Friday, June 26, 2009

Judy Garland and others - Over the Rainbow

SONG Over the Rainbow

WRITTEN BY Harold Arlen (music), E.Y. "Yip" Harburg (lyrics)

PERFORMED BY Judy Garland/ Jane Monheit/ Eva Cassidy

APPEARS ON The Wizard of Oz (1939)/ Taking a Chance on Love (2004)/ The Other Side (1992)

I watched The Wizard of Oz again the other night (I own the DVD and sometimes the urge hits me) and was impressed all over again with what a powerful effect Judy Garland singing "Over the Rainbow" has on an audience. If this had been a stage musical it would have stopped the show, and it would have been very difficult to get the show moving again that early in the proceedings. But luckily this was Hollywood, and the show went on.

What is it about this song? The RIAA has declared it the #1 song on their "Songs of the Century" list. Artist after artist takes their turn at singing it. And I'll be willing to bet that the most hardcore, baddest metal-heads and rappers all saw the movie when they were kids and listened open-mouthed and transported as Dorothy sat on that tractor and sang to Toto. This isn't a song, it's a bloody archetype - The American Song. How did it get there?

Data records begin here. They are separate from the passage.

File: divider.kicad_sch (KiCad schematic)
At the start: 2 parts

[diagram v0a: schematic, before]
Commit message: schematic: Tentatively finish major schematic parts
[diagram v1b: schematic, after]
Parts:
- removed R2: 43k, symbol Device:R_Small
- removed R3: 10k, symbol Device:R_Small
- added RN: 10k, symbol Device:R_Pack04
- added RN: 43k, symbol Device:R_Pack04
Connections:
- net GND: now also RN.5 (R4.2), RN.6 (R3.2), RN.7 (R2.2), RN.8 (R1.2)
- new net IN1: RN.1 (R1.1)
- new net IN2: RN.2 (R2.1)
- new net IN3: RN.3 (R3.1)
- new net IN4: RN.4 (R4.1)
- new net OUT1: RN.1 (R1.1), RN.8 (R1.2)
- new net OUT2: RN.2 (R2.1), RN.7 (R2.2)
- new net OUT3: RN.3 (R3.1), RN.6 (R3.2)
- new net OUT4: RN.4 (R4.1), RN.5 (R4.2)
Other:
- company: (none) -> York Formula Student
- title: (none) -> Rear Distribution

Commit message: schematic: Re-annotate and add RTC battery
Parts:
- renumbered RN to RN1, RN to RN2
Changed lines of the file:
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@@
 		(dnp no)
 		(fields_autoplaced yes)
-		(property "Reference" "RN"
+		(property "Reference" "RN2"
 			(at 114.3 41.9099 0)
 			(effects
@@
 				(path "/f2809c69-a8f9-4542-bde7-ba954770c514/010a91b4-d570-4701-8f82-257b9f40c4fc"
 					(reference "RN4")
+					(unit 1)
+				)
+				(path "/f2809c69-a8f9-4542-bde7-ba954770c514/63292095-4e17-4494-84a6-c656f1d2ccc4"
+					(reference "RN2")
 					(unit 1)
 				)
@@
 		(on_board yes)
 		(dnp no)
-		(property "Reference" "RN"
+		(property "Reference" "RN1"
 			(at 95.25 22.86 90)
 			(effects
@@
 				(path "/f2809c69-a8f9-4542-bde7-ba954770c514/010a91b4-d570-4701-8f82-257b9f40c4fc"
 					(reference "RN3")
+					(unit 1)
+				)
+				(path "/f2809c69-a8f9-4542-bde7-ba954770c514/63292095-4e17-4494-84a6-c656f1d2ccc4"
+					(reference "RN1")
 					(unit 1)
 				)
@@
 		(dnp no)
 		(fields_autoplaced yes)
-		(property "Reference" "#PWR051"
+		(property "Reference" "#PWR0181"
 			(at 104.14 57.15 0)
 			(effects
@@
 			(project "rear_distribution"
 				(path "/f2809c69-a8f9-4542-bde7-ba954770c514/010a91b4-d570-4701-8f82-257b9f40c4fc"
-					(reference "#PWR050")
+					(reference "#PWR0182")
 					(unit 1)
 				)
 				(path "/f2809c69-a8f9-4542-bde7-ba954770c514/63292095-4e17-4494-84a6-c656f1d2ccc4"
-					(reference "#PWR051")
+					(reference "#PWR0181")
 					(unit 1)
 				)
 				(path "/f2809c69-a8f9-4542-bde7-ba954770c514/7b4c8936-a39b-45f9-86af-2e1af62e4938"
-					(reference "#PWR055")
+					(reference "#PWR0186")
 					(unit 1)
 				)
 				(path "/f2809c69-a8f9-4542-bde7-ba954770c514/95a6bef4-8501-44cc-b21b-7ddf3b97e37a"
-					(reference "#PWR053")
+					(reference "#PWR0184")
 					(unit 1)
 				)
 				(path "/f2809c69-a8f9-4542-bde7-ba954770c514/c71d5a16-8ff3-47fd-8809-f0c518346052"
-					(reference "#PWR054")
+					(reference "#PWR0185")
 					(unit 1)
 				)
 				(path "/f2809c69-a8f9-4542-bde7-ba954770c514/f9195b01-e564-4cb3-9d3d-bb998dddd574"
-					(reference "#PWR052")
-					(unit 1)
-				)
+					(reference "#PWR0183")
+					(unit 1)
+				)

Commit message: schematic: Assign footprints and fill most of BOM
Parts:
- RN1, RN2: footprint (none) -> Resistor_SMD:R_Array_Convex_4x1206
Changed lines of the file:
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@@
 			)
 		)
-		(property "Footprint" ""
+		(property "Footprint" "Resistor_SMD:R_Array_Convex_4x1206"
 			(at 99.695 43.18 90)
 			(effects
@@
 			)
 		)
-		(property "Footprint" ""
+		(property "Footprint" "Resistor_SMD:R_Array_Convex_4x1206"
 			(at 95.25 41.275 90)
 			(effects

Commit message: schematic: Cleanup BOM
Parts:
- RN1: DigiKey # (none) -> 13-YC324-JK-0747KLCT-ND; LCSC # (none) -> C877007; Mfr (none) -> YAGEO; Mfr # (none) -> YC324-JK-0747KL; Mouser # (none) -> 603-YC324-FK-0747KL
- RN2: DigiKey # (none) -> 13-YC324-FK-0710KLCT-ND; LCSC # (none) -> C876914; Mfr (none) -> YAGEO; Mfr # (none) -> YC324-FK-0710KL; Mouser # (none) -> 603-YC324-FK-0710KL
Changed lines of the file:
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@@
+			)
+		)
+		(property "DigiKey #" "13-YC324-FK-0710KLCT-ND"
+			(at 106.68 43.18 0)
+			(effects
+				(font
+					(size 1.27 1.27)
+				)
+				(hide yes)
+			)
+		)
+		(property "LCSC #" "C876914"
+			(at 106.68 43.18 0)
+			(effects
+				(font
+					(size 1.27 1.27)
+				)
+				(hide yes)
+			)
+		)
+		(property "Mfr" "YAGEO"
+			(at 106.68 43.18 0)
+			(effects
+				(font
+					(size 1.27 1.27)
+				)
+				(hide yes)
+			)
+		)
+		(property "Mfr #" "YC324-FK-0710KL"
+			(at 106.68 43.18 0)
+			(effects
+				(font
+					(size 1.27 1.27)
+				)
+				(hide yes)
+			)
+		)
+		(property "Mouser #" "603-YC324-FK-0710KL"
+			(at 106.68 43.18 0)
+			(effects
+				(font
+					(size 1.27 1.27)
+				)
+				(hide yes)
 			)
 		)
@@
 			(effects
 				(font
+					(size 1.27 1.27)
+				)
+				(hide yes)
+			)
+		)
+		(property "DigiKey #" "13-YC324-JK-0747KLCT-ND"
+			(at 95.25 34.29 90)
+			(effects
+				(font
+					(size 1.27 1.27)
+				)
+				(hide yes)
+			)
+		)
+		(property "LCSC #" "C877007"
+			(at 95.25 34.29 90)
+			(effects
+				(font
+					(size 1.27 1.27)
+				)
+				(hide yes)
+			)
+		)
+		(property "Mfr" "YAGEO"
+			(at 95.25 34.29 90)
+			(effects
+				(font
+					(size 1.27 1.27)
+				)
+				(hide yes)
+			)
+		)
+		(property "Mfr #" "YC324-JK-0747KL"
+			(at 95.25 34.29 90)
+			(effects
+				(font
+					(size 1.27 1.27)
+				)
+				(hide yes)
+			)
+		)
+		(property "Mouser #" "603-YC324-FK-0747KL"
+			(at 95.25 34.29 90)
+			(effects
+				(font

Part of the reason is because the song came out of the Golden Age of Hollywood movie musicals. This was the heyday of George and Ira Gershwin, Cole Porter, and Irving Berlin. Harold Arlen and Yip Harburg were right up there in that pantheon. The US was coming out of the Great Depression only to see the clouds of war rising over Europe and the Pacific Ocean, and they were looking for a little relief from all of that stress. Hollywood provided that.

Yip Harburg's lyrics certainly express that yearning for peace and security, and Harold Arlen's music grabs that yearning and runs with it. Listen to that bit at the very end, where "why oh why can't I?" rises up and up the scale, and fades out resting on the clouds. Tchaikovsky did this with success, as did Mahler in several of his symphonies. And so does Harold Arlen in this song.

But the overwhelming success of "Over the Rainbow" is really due to sheer musical alchemy - it was written for Judy Garland, and only her voice could ever have done what it did for this song. Arlen and Harburg were given the task of writing a showpiece for Garland and they were having a hard time coming up with something, but when they did, it was a song crafted specifically for Judy Garland's voice. Oh how it fit! That 16-year-old's voice, the voice that could stop shows without even trying, was the only voice that could have sung that song.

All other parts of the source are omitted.